The ValidatePayment function processes input from SQS and sends it to Step Functions.

import json

# ValidatePayment
def lambda_handler(event, _):
    body = json.loads(event["Payload"][0]["body"])  # Parse the body JSON string
    method = body["method"]  # Access the method key
    return {"statusCode": 200, "body": json.dumps({"method": method})}

The DeductAmount function processes the output of ValidatePayment:

import json

#DeductAmount
def lambda_handler(event, _):
    body = json.loads(event["Payload"]["body"])
    print(body)

The json.loads function is used to parse the body of the payload, allowing DeductAmount to handle the response data. As specified in the state machine, DeductAmount marks the end of the Step Function, completing the workflow.

Step 4: Step Function → DynamoDB (Storing Transaction Data)

After executing the payment workflow in Step Functions, the final step is storing transaction details in Amazon DynamoDB. This enables secure, high-performance data storage and makes transaction records easily accessible.

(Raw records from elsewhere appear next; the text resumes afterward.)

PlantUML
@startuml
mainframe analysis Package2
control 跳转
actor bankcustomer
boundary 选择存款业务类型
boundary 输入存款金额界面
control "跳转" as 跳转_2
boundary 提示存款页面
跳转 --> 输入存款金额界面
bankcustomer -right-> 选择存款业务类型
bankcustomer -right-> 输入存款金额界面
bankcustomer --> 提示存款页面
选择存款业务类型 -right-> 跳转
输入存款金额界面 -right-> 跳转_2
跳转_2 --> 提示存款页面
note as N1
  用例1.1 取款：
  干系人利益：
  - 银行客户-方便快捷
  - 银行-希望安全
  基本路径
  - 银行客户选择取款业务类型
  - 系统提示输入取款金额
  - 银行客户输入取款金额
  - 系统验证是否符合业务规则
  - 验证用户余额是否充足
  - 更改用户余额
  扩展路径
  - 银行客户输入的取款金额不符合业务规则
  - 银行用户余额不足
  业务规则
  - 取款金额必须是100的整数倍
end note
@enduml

4.1 Defining the DynamoDB Table

We define a DynamoDB table called MethodTable with the following schema:

MethodTable:
  Type: AWS::DynamoDB::Table
  Properties:
    TableName: MethodTable
    AttributeDefinitions:
      - AttributeName: payment_id
        AttributeType: S
      - AttributeName: payment_method
        AttributeType: S
    KeySchema:
      - AttributeName: payment_id
        KeyType: HASH
      - AttributeName: payment_method
        KeyType: RANGE
    BillingMode: PAY_PER_REQUEST

Key Descriptions:

  • Partition Key (payment_id): Uniquely identifies each transaction.
  • Sort Key (payment_method): Helps in filtering data based on payment methods.
  • PAY_PER_REQUEST : To handle scaling automatically.

4.2 Lambda Function to Store Transactions in DynamoDB

The DeductAmount Lambda function processes transactions and writes them to DynamoDB.

DeductAmount:
  Type: AWS::Serverless::Function
  Properties:
    Handler: 
    CodeUri: 
    Runtime: python3.10
    MemorySize: 128
    Timeout: 30
    Tracing: Active
    Description: Processes payment and stores transaction details
    Policies:
      - DynamoDBCrudPolicy:
          TableName: !Ref MethodTable
    Environment:
      Variables:
        METHOD_TABLE: !Ref MethodTable

4.3 Writing Data to DynamoDB from Lambda

The Lambda function generates a unique transaction ID and stores the data in DynamoDB.

import json
import boto3
import uuid
import os

METHOD_TABLE= os.environ["METHOD_TABLE"]

def lambda_handler(event, _):
    body = json.loads(event["Payload"]["body"])  # Parse the body JSON string
    method = body["method"]  # Access the method key

    id= str(uuid.uuid4())

    methodDb= boto3.resource("dynamodb")
    dynamo_table = methodDb.Table(METHOD_TABLE)
    dynamo_table.put_item(Item={"payment_method": method, "payment_id": id})

    return {"statusCode": 200, "body": json.dumps({"message": "Stored!!"})}

The boto3 toolkit is used to access DynamoDB resources and store data. We can also update the table items using a unique ID generated using uuid ,ensuring each transaction is uniquely identifiable.

Here is a snapshot of the DynamoDB record of a stored transaction with a unique ID and payment method:

Final Architecture Overview:

  • API Gateway triggers Lambda, which sends requests to SQS.
  • SQS forwards messages to Step Functions with EventBridge pipes, initiating workflow execution.
  • Step Functions coordinate multiple Lambda functions for validation and processing.
  • DynamoDB stores transaction details for record-keeping.

Conclusion

The proposed serverless architecture combines AWS Lambda, SQS, Step Functions, and DynamoDB to provide a scalable, efficient, and resilient payment processing system.

The integration of these cloud services enables seamless handling of large transaction volumes. Additionally, leveraging Dead Letter Queues (DLQ) in SQS further enhances the system’s resilience by capturing and isolating failed messages, ensuring better error handling and system reliability.